#### Entries supplied ####

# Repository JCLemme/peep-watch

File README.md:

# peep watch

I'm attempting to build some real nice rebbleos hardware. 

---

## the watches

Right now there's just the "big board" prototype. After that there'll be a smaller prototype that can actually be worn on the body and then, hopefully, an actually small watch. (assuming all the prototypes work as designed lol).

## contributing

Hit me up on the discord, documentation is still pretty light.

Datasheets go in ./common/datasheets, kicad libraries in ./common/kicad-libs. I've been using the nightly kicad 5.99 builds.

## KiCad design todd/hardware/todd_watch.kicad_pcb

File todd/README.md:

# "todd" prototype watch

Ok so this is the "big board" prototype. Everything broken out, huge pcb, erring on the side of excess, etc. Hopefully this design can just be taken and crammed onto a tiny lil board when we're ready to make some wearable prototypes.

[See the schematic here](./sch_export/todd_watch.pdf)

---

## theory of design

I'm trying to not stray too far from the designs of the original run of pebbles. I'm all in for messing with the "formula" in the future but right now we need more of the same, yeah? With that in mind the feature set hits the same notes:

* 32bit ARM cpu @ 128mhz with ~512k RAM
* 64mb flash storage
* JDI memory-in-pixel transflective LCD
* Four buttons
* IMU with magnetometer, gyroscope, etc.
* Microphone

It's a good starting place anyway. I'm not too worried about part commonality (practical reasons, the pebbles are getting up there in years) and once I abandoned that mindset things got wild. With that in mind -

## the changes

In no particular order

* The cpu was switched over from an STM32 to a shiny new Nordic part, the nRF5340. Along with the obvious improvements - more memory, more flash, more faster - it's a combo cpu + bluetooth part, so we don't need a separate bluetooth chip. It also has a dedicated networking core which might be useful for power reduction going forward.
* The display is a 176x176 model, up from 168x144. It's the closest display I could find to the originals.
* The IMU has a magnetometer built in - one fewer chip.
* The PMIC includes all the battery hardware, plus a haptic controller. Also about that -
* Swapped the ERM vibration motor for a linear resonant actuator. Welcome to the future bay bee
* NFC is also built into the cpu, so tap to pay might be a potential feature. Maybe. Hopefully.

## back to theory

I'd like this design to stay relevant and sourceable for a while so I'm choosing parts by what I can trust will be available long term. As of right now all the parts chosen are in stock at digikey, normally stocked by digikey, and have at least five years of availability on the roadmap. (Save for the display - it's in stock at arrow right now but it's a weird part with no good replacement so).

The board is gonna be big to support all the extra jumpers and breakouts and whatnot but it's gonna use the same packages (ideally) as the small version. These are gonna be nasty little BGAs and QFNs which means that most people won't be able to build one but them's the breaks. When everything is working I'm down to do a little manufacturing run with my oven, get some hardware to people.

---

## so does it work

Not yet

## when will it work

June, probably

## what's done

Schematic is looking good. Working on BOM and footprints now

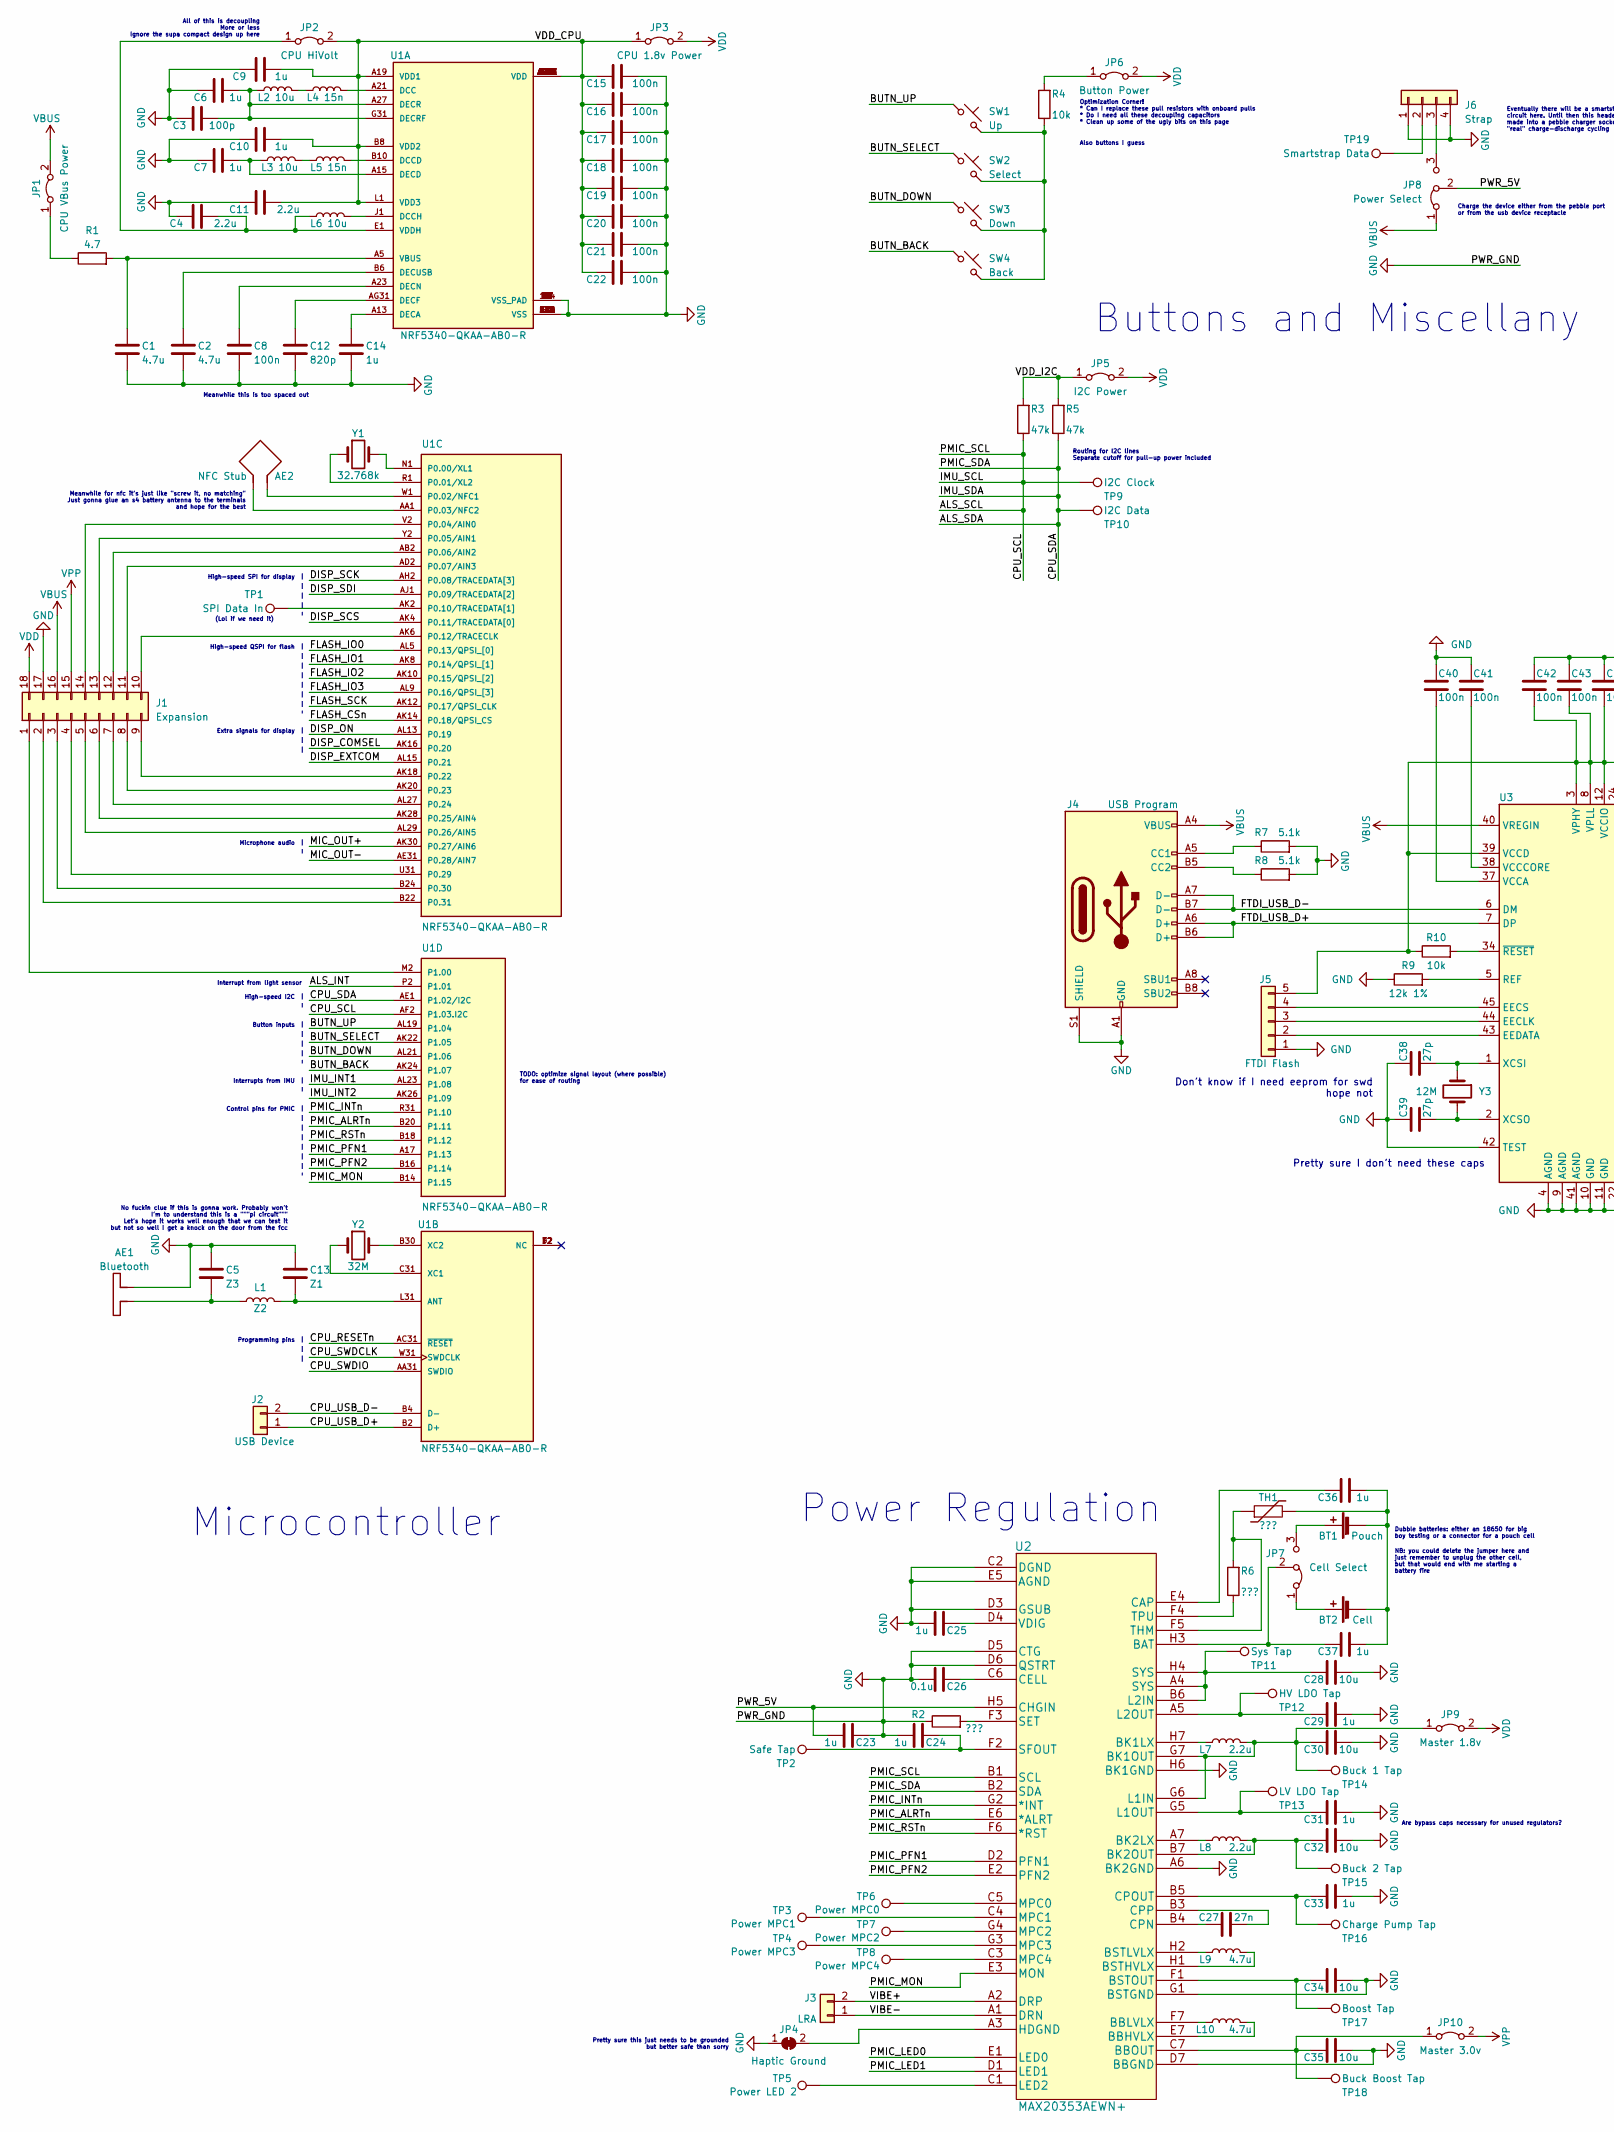
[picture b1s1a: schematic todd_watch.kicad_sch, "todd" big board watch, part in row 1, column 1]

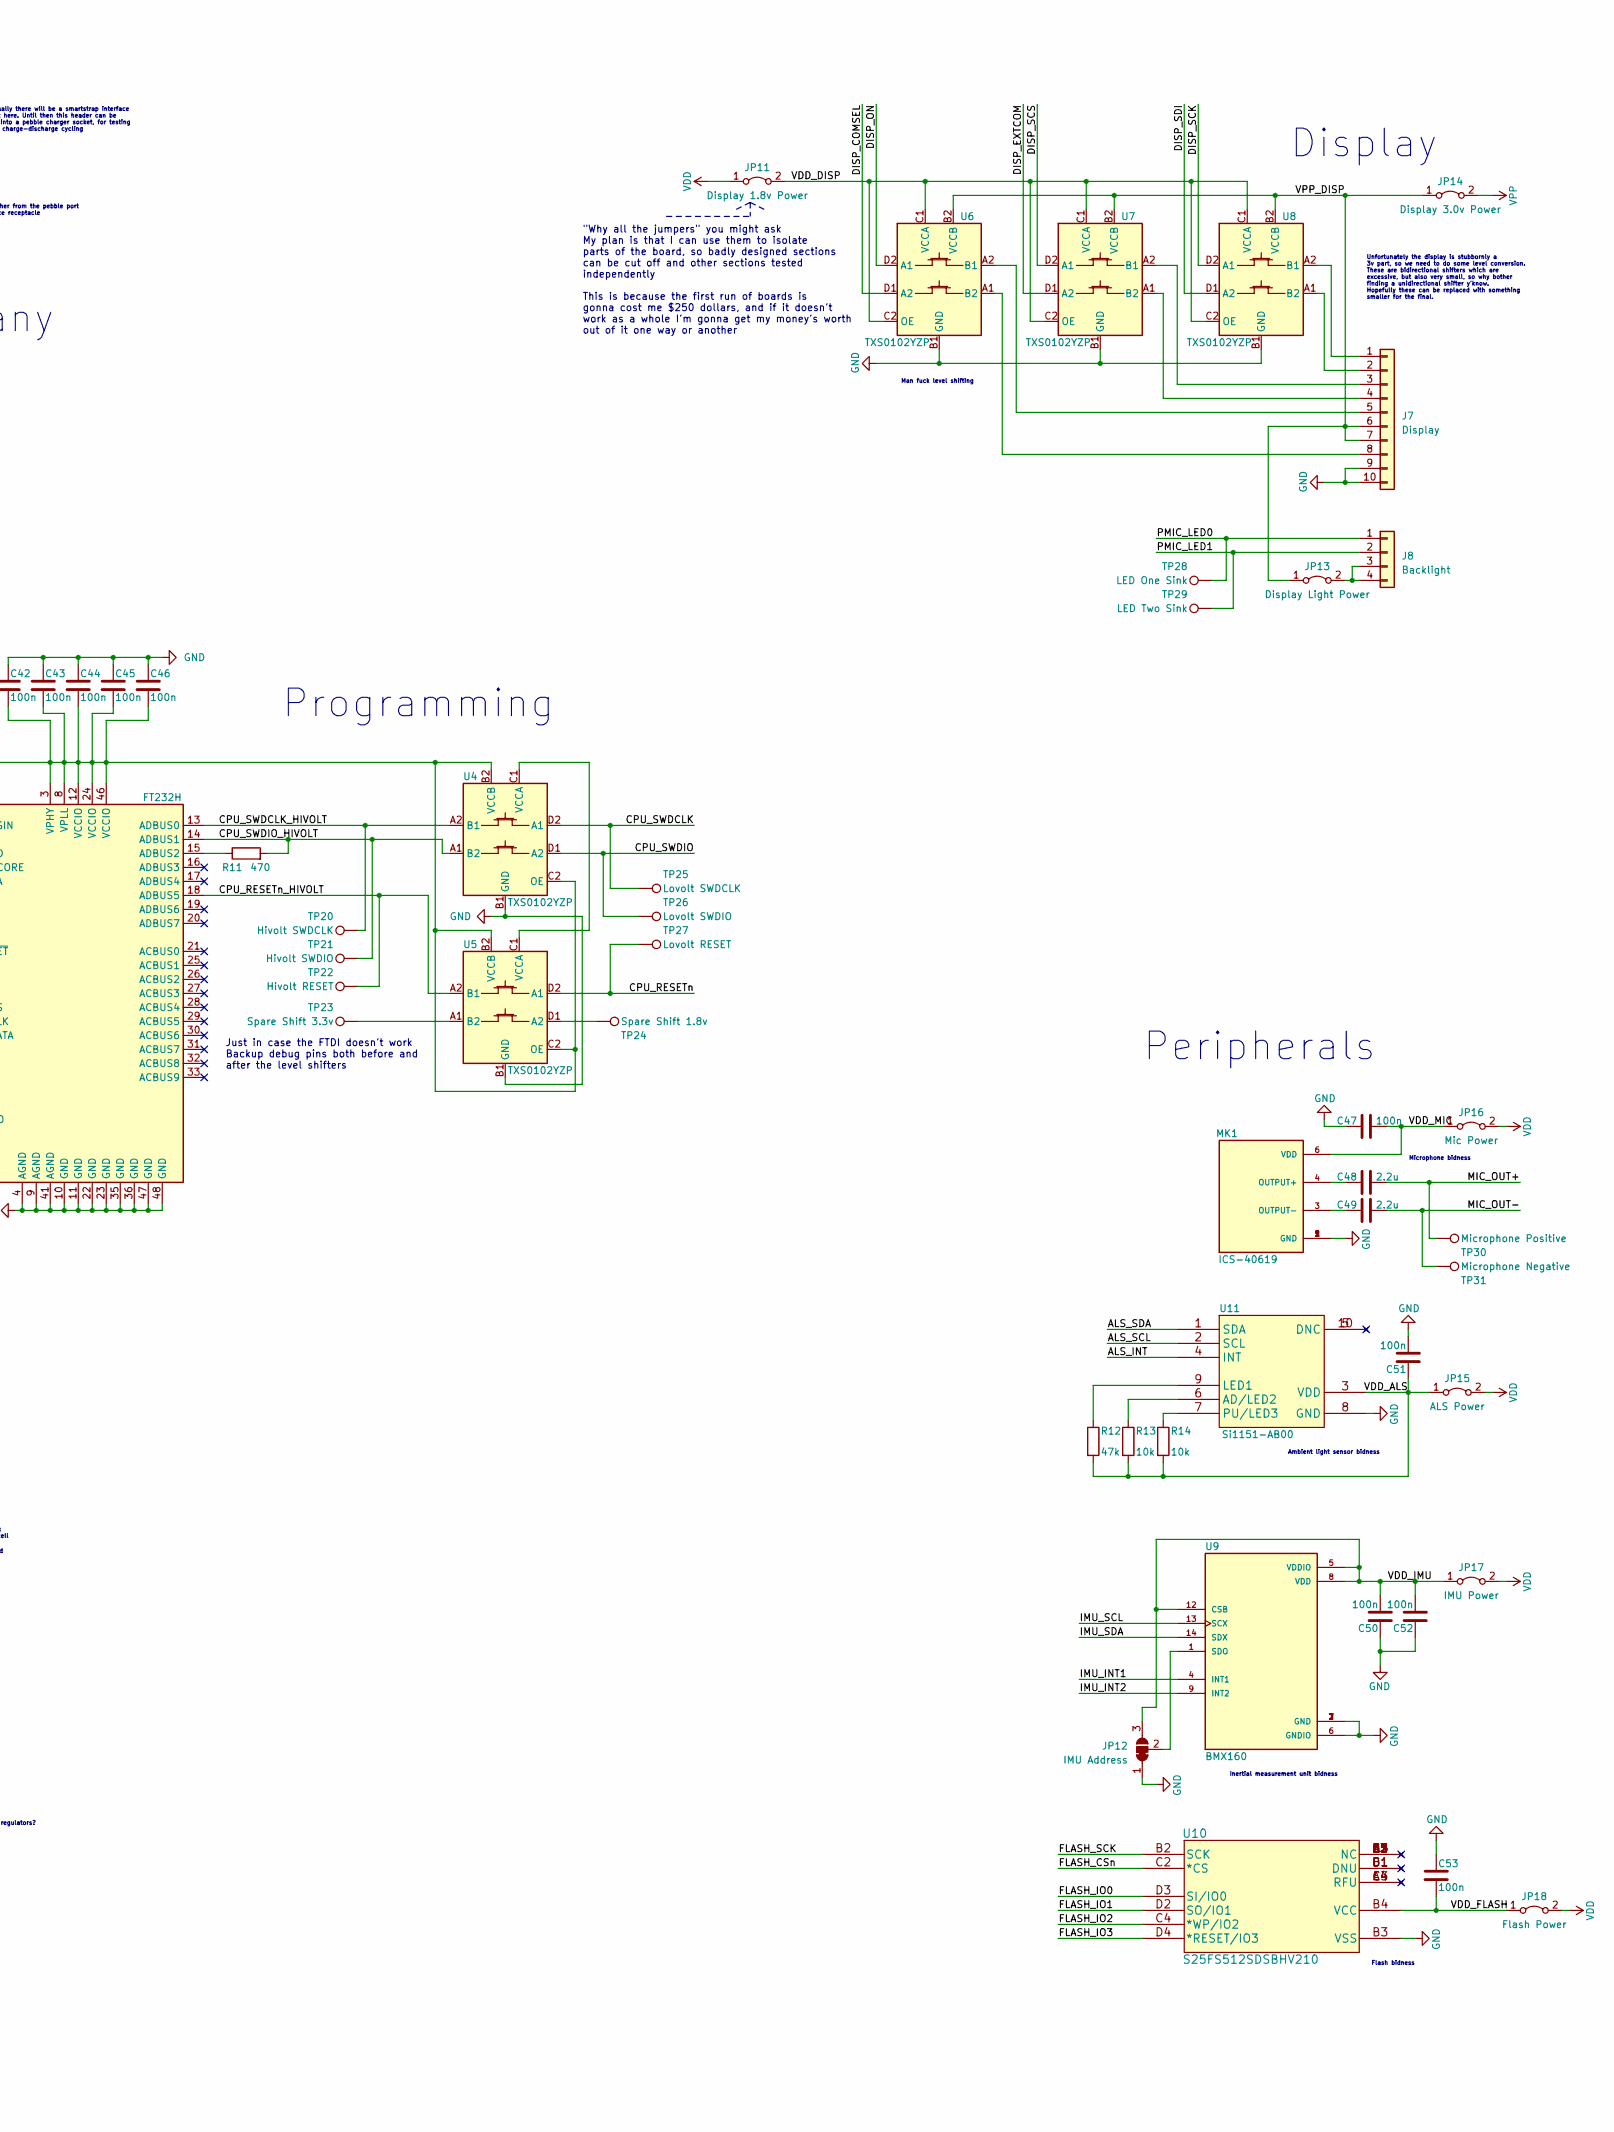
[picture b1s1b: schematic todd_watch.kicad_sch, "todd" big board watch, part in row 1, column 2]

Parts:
AE1: Bluetooth; Texas_SWRA117D_2.4GHz_Left
AE2: NFC Stub; R_1206_3216Metric_Pad1.30x1.75mm_HandSolder
BT1: Pouch; PinSocket_1x02_P2.54mm_Vertical
BT2: Cell; BatteryHolder_Keystone_1042_1x18650
C1, C2: 4.7u; C_0603_1608Metric
C3: 100p; C_0603_1608Metric
C4, C11, C48, C49: 2.2u; C_0603_1608Metric
C5: Z3; C_0603_1608Metric
C6, C7, C9, C10, C14, C23, C24, C25, C29, C31, C33, C36, C37: 1u; C_0603_1608Metric
C8, C15, C16, C17, C18, C19, C20, C21, C22, C40, C41, C42, C43, C44, C45, C46, C47, C50, C51, C52, C53: 100n; C_0603_1608Metric
C12: 820p; C_0603_1608Metric
C13: Z1; C_0603_1608Metric
C26: 0.1u; C_0603_1608Metric
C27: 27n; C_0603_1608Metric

####

Work instructions:
Would you copy out every entry above word for word, without the pictures?

Task solution:
# Repository JCLemme/peep-watch

File README.md:

# peep watch

I'm attempting to build some real nice rebbleos hardware. 

---

## the watches

Right now there's just the "big board" prototype. After that there'll be a smaller prototype that can actually be worn on the body and then, hopefully, an actually small watch. (assuming all the prototypes work as designed lol).

## contributing

Hit me up on the discord, documentation is still pretty light.

Datasheets go in ./common/datasheets, kicad libraries in ./common/kicad-libs. I've been using the nightly kicad 5.99 builds.

## KiCad design todd/hardware/todd_watch.kicad_pcb

File todd/README.md:

# "todd" prototype watch

Ok so this is the "big board" prototype. Everything broken out, huge pcb, erring on the side of excess, etc. Hopefully this design can just be taken and crammed onto a tiny lil board when we're ready to make some wearable prototypes.

[See the schematic here](./sch_export/todd_watch.pdf)

---

## theory of design

I'm trying to not stray too far from the designs of the original run of pebbles. I'm all in for messing with the "formula" in the future but right now we need more of the same, yeah? With that in mind the feature set hits the same notes:

* 32bit ARM cpu @ 128mhz with ~512k RAM
* 64mb flash storage
* JDI memory-in-pixel transflective LCD
* Four buttons
* IMU with magnetometer, gyroscope, etc.
* Microphone

It's a good starting place anyway. I'm not too worried about part commonality (practical reasons, the pebbles are getting up there in years) and once I abandoned that mindset things got wild. With that in mind -

## the changes

In no particular order

* The cpu was switched over from an STM32 to a shiny new Nordic part, the nRF5340. Along with the obvious improvements - more memory, more flash, more faster - it's a combo cpu + bluetooth part, so we don't need a separate bluetooth chip. It also has a dedicated networking core which might be useful for power reduction going forward.
* The display is a 176x176 model, up from 168x144. It's the closest display I could find to the originals.
* The IMU has a magnetometer built in - one fewer chip.
* The PMIC includes all the battery hardware, plus a haptic controller. Also about that -
* Swapped the ERM vibration motor for a linear resonant actuator. Welcome to the future bay bee
* NFC is also built into the cpu, so tap to pay might be a potential feature. Maybe. Hopefully.

## back to theory

I'd like this design to stay relevant and sourceable for a while so I'm choosing parts by what I can trust will be available long term. As of right now all the parts chosen are in stock at digikey, normally stocked by digikey, and have at least five years of availability on the roadmap. (Save for the display - it's in stock at arrow right now but it's a weird part with no good replacement so).

The board is gonna be big to support all the extra jumpers and breakouts and whatnot but it's gonna use the same packages (ideally) as the small version. These are gonna be nasty little BGAs and QFNs which means that most people won't be able to build one but them's the breaks. When everything is working I'm down to do a little manufacturing run with my oven, get some hardware to people.

---

## so does it work

Not yet

## when will it work

June, probably

## what's done

Schematic is looking good. Working on BOM and footprints now

[picture b1s1a: schematic todd_watch.kicad_sch, "todd" big board watch, part in row 1, column 1]

[picture b1s1b: schematic todd_watch.kicad_sch, "todd" big board watch, part in row 1, column 2]

Parts:
AE1: Bluetooth; Texas_SWRA117D_2.4GHz_Left
AE2: NFC Stub; R_1206_3216Metric_Pad1.30x1.75mm_HandSolder
BT1: Pouch; PinSocket_1x02_P2.54mm_Vertical
BT2: Cell; BatteryHolder_Keystone_1042_1x18650
C1, C2: 4.7u; C_0603_1608Metric
C3: 100p; C_0603_1608Metric
C4, C11, C48, C49: 2.2u; C_0603_1608Metric
C5: Z3; C_0603_1608Metric
C6, C7, C9, C10, C14, C23, C24, C25, C29, C31, C33, C36, C37: 1u; C_0603_1608Metric
C8, C15, C16, C17, C18, C19, C20, C21, C22, C40, C41, C42, C43, C44, C45, C46, C47, C50, C51, C52, C53: 100n; C_0603_1608Metric
C12: 820p; C_0603_1608Metric
C13: Z1; C_0603_1608Metric
C26: 0.1u; C_0603_1608Metric
C27: 27n; C_0603_1608Metric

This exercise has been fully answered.